■ Task to complete
Should any entry include an image, skip the image and copy the entry exactly.

***

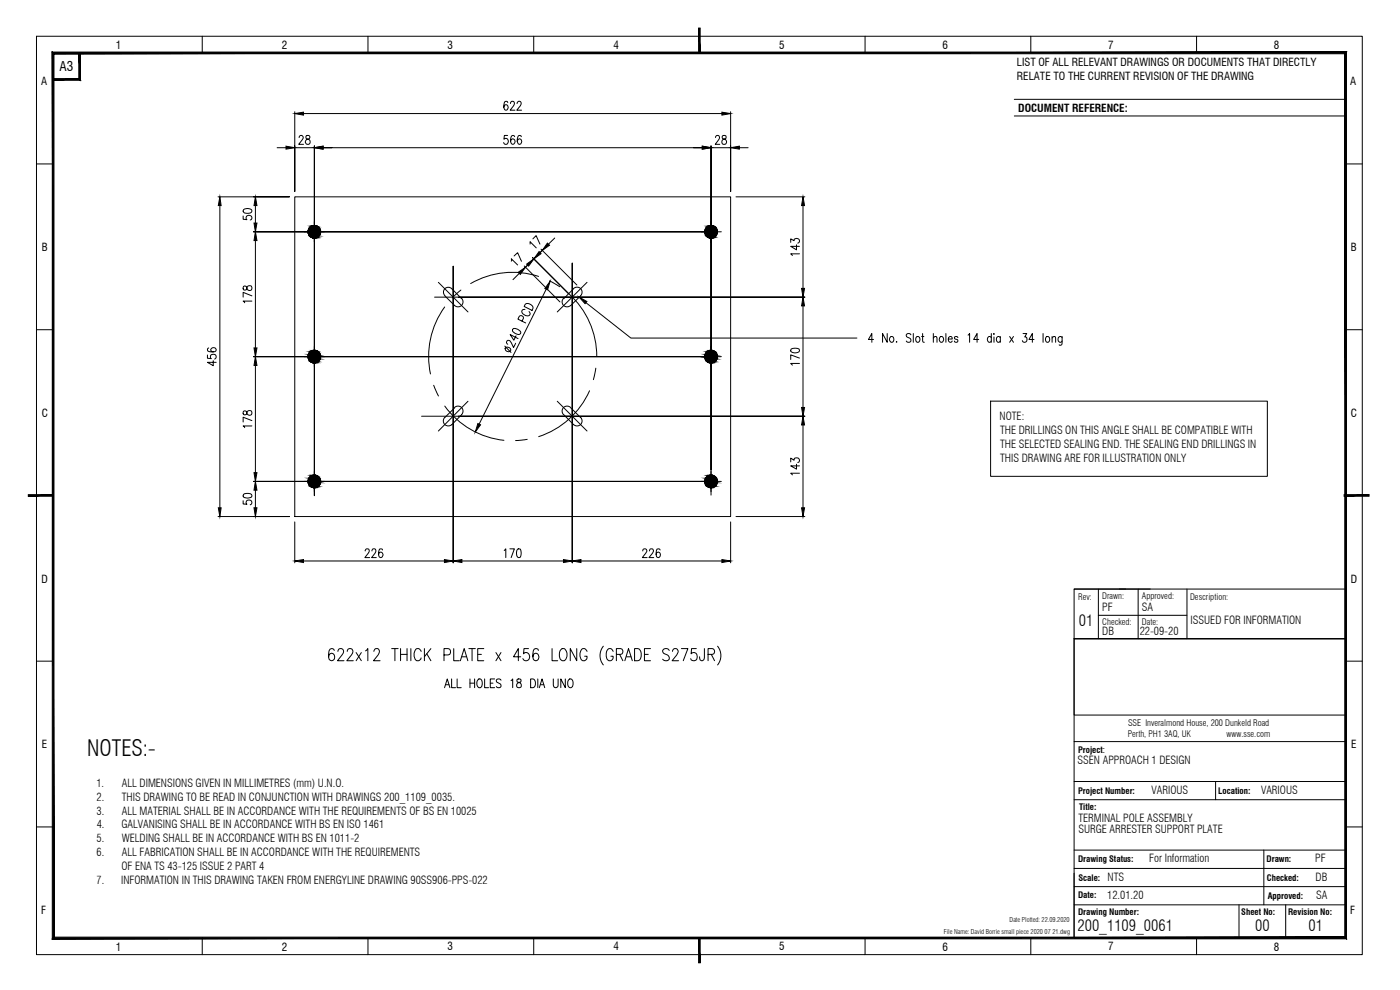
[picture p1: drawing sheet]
<svg xmlns="http://www.w3.org/2000/svg" width="420mm" height="297mm" viewBox="0 0 420 297" stroke-linecap="round" stroke-linejoin="round" font-family="sans-serif">
<!-- layer: Border -->
<g fill="none" stroke="#000" stroke-width=".3">
<path d="M304.4 29.8h99.4M304.4 34.8h99.4M322.4 176.7h81.4M345.2 176.7h-22.8v14.9h81.4h-81.4v89.8h81.4M356.2 176.7v14.9M403.8 213.5v18.1M322.4 222.5h81.4M322.4 234.5h81.4M322.4 239.9h81.4M364.8 234.5v5.4M322.4 255.1h81.4M379.3 255.1v16.4"/>
<path d="M322.4 260.6h81.4M322.4 266h81.4M322.4 271.5h81.4M371.8 271.5v9.9M385.9 271.5v9.9"/>
</g>
<!-- layer: Border Grid -->
<g fill="none" stroke="#000" stroke-width=".3">
<path d="M11 10.9h397.8v275.5h-397.8zM60.7 10.9v5M110.4 10.9v5M160.2 10.9v5M259.6 10.9v5M309.4 10.9v5M359.1 10.9v5M11 49.2h4.9M403.8 49.2h5M11 98.9h4.9M403.8 98.9h5M11 198.4h4.9"/>
<path d="M403.8 198.4h5M11 248.1h4.9M403.8 248.1h5M60.7 281.4v5M110.4 281.4v5M160.2 281.4v5M259.6 281.4v5M309.4 281.4v5M359.1 281.4v5"/>
</g>
<!-- layer: Border -->
<g fill="#000" stroke="#000" stroke-width=".3">
<path d="M15.7 15.6l.5 .5 387.9-.5zM16.2 16.1l387.9-.5-.5 .5zM404.1 15.6l-.5 .5 .5 265.6zM403.6 16.1l.5 265.6-.5-.5zM15.7 281.7h388.4l-.5-.5zM16.2 281.2h387.4l-387.9 .5zM15.7 15.6v266.1l.5-.5zM15.7 15.6l.5 .5v265.1z"/>
<path d="M15.9 23.6v.5l7.8-.5zM15.9 24.1l7.8-.5 .5 .5zM23.7 15.9v7.7l.5 .5zM23.7 15.9h.5v8.2z"/>
</g>
<!-- layer: 0 -->
<g fill="#000" stroke="#000" stroke-width=".3">
<path d="M209.7 8.4v7.5h.4zM209.7 8.4h.4v7.5z"/>
<path d="M8.5 148.9h7.4v-.5zM8.5 148.4h7.4l-7.4 .5z"/>
<path d="M403.4 148.9h7.5v-.5zM403.4 148.4h7.5l-7.5 .5z"/>
<path d="M209.7 281.4v7.5h.4zM209.7 281.4h.4v7.5z"/>
</g>
<path d="M329.6 176.7v14.9M335.9 176.7h2M341.6 176.7v14.9M403.8 176.7v14.9M322.4 191.6h81.4v22.9h-81.4zM329.6 184.6h26.6" fill="none" stroke="#000" stroke-width=".3"/>
<!-- layer: PDF22_Text -->
<g fill="none" stroke="#000" stroke-width=".3">
<path d="M100.3 195.2a.79 .79 0 0 0-1.3-.4 3.4 3.4 0 0 0 0 3.3 .85 .85 0 0 0 1.3-.3 1.06 1.06 0 0 0 0-1.3 1.06 1.06 0 0 0-1.3-.3l-.4 .9M101.4 195.5v-.2a.89 .89 0 0 1 1.3-.6 .89 .89 0 0 1 .3 1.3l-1.7 2.2h1.9M104.2 195.5v-.2a.89 .89 0 0 1 1.2-.6 .89 .89 0 0 1 .4 1.3l-1.7 2.2h1.9M106.9 195.8l1.5 2.4M108.4 195.8l-1.5 2.4M109.7 195.3l.7-.7v3.6M112.2 195.5l.6-.9h.6l.3 .4a1.36 1.36 0 0 1-.2 1.5l-1.4 1.7h2M117.5 194.6h2M118.5 194.6v3.6M120.2 194.6v3.6M120.2 196.3h2M122.2 194.6v3.6"/>
<path d="M123.3 194.6v3.6M126.4 195.5a1.04 1.04 0 0 0-1.6-.7 2.45 2.45 0 0 0 .3 3.4 1.12 1.12 0 0 0 1.3-.8M127.4 194.6v3.6M128.1 196.2l1.2 2M129.3 194.6l-1.9 2.5M133.3 196.5h1.2a.98 .98 0 0 0 .7-.9 .98 .98 0 0 0-.7-1h-1.2v3.6M136.2 194.6v3.6h1.7M138.2 198.2l1.1-3.6 1.1 3.6M138.6 197.1h1.4M140.7 194.6h1.9M141.7 194.6v3.6M143.4 196.3h1.1"/>
<path d="M145.2 194.6h-1.8v3.6h1.8M148.8 195.8l1.6 2.4M150.4 195.8l-1.6 2.4M156.3 197.1h-2.2l1.5-2.5v3.6M158.6 194.6h-1.3l-.2 1.6a1.18 1.18 0 0 1 1.9 .6 1.18 1.18 0 0 1-1.4 1.4l-.7-.6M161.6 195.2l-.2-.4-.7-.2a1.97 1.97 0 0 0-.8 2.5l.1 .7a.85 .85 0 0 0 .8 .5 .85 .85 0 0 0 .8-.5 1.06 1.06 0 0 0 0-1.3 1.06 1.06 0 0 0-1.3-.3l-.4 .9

***

■ Answer below
[picture p1: drawing sheet]
<svg xmlns="http://www.w3.org/2000/svg" width="420mm" height="297mm" viewBox="0 0 420 297" stroke-linecap="round" stroke-linejoin="round" font-family="sans-serif">
<!-- layer: Border -->
<g fill="none" stroke="#000" stroke-width=".3">
<path d="M304.4 29.8h99.4M304.4 34.8h99.4M322.4 176.7h81.4M345.2 176.7h-22.8v14.9h81.4h-81.4v89.8h81.4M356.2 176.7v14.9M403.8 213.5v18.1M322.4 222.5h81.4M322.4 234.5h81.4M322.4 239.9h81.4M364.8 234.5v5.4M322.4 255.1h81.4M379.3 255.1v16.4"/>
<path d="M322.4 260.6h81.4M322.4 266h81.4M322.4 271.5h81.4M371.8 271.5v9.9M385.9 271.5v9.9"/>
</g>
<!-- layer: Border Grid -->
<g fill="none" stroke="#000" stroke-width=".3">
<path d="M11 10.9h397.8v275.5h-397.8zM60.7 10.9v5M110.4 10.9v5M160.2 10.9v5M259.6 10.9v5M309.4 10.9v5M359.1 10.9v5M11 49.2h4.9M403.8 49.2h5M11 98.9h4.9M403.8 98.9h5M11 198.4h4.9"/>
<path d="M403.8 198.4h5M11 248.1h4.9M403.8 248.1h5M60.7 281.4v5M110.4 281.4v5M160.2 281.4v5M259.6 281.4v5M309.4 281.4v5M359.1 281.4v5"/>
</g>
<!-- layer: Border -->
<g fill="#000" stroke="#000" stroke-width=".3">
<path d="M15.7 15.6l.5 .5 387.9-.5zM16.2 16.1l387.9-.5-.5 .5zM404.1 15.6l-.5 .5 .5 265.6zM403.6 16.1l.5 265.6-.5-.5zM15.7 281.7h388.4l-.5-.5zM16.2 281.2h387.4l-387.9 .5zM15.7 15.6v266.1l.5-.5zM15.7 15.6l.5 .5v265.1z"/>
<path d="M15.9 23.6v.5l7.8-.5zM15.9 24.1l7.8-.5 .5 .5zM23.7 15.9v7.7l.5 .5zM23.7 15.9h.5v8.2z"/>
</g>
<!-- layer: 0 -->
<g fill="#000" stroke="#000" stroke-width=".3">
<path d="M209.7 8.4v7.5h.4zM209.7 8.4h.4v7.5z"/>
<path d="M8.5 148.9h7.4v-.5zM8.5 148.4h7.4l-7.4 .5z"/>
<path d="M403.4 148.9h7.5v-.5zM403.4 148.4h7.5l-7.5 .5z"/>
<path d="M209.7 281.4v7.5h.4zM209.7 281.4h.4v7.5z"/>
</g>
<path d="M329.6 176.7v14.9M335.9 176.7h2M341.6 176.7v14.9M403.8 176.7v14.9M322.4 191.6h81.4v22.9h-81.4zM329.6 184.6h26.6" fill="none" stroke="#000" stroke-width=".3"/>
<!-- layer: PDF22_Text -->
<g fill="none" stroke="#000" stroke-width=".3">
<path d="M100.3 195.2a.79 .79 0 0 0-1.3-.4 3.4 3.4 0 0 0 0 3.3 .85 .85 0 0 0 1.3-.3 1.06 1.06 0 0 0 0-1.3 1.06 1.06 0 0 0-1.3-.3l-.4 .9M101.4 195.5v-.2a.89 .89 0 0 1 1.3-.6 .89 .89 0 0 1 .3 1.3l-1.7 2.2h1.9M104.2 195.5v-.2a.89 .89 0 0 1 1.2-.6 .89 .89 0 0 1 .4 1.3l-1.7 2.2h1.9M106.9 195.8l1.5 2.4M108.4 195.8l-1.5 2.4M109.7 195.3l.7-.7v3.6M112.2 195.5l.6-.9h.6l.3 .4a1.36 1.36 0 0 1-.2 1.5l-1.4 1.7h2M117.5 194.6h2M118.5 194.6v3.6M120.2 194.6v3.6M120.2 196.3h2M122.2 194.6v3.6"/>
<path d="M123.3 194.6v3.6M126.4 195.5a1.04 1.04 0 0 0-1.6-.7 2.45 2.45 0 0 0 .3 3.4 1.12 1.12 0 0 0 1.3-.8M127.4 194.6v3.6M128.1 196.2l1.2 2M129.3 194.6l-1.9 2.5M133.3 196.5h1.2a.98 .98 0 0 0 .7-.9 .98 .98 0 0 0-.7-1h-1.2v3.6M136.2 194.6v3.6h1.7M138.2 198.2l1.1-3.6 1.1 3.6M138.6 197.1h1.4M140.7 194.6h1.9M141.7 194.6v3.6M143.4 196.3h1.1"/>
<path d="M145.2 194.6h-1.8v3.6h1.8M148.8 195.8l1.6 2.4M150.4 195.8l-1.6 2.4M156.3 197.1h-2.2l1.5-2.5v3.6M158.6 194.6h-1.3l-.2 1.6a1.18 1.18 0 0 1 1.9 .6 1.18 1.18 0 0 1-1.4 1.4l-.7-.6M161.6 195.2l-.2-.4-.7-.2a1.97 1.97 0 0 0-.8 2.5l.1 .7a.85 .85 0 0 0 .8 .5 .85 .85 0 0 0 .8-.5 1.06 1.06 0 0 0 0-1.3 1.06 1.06 0 0 0-1.3-.3l-.4 .9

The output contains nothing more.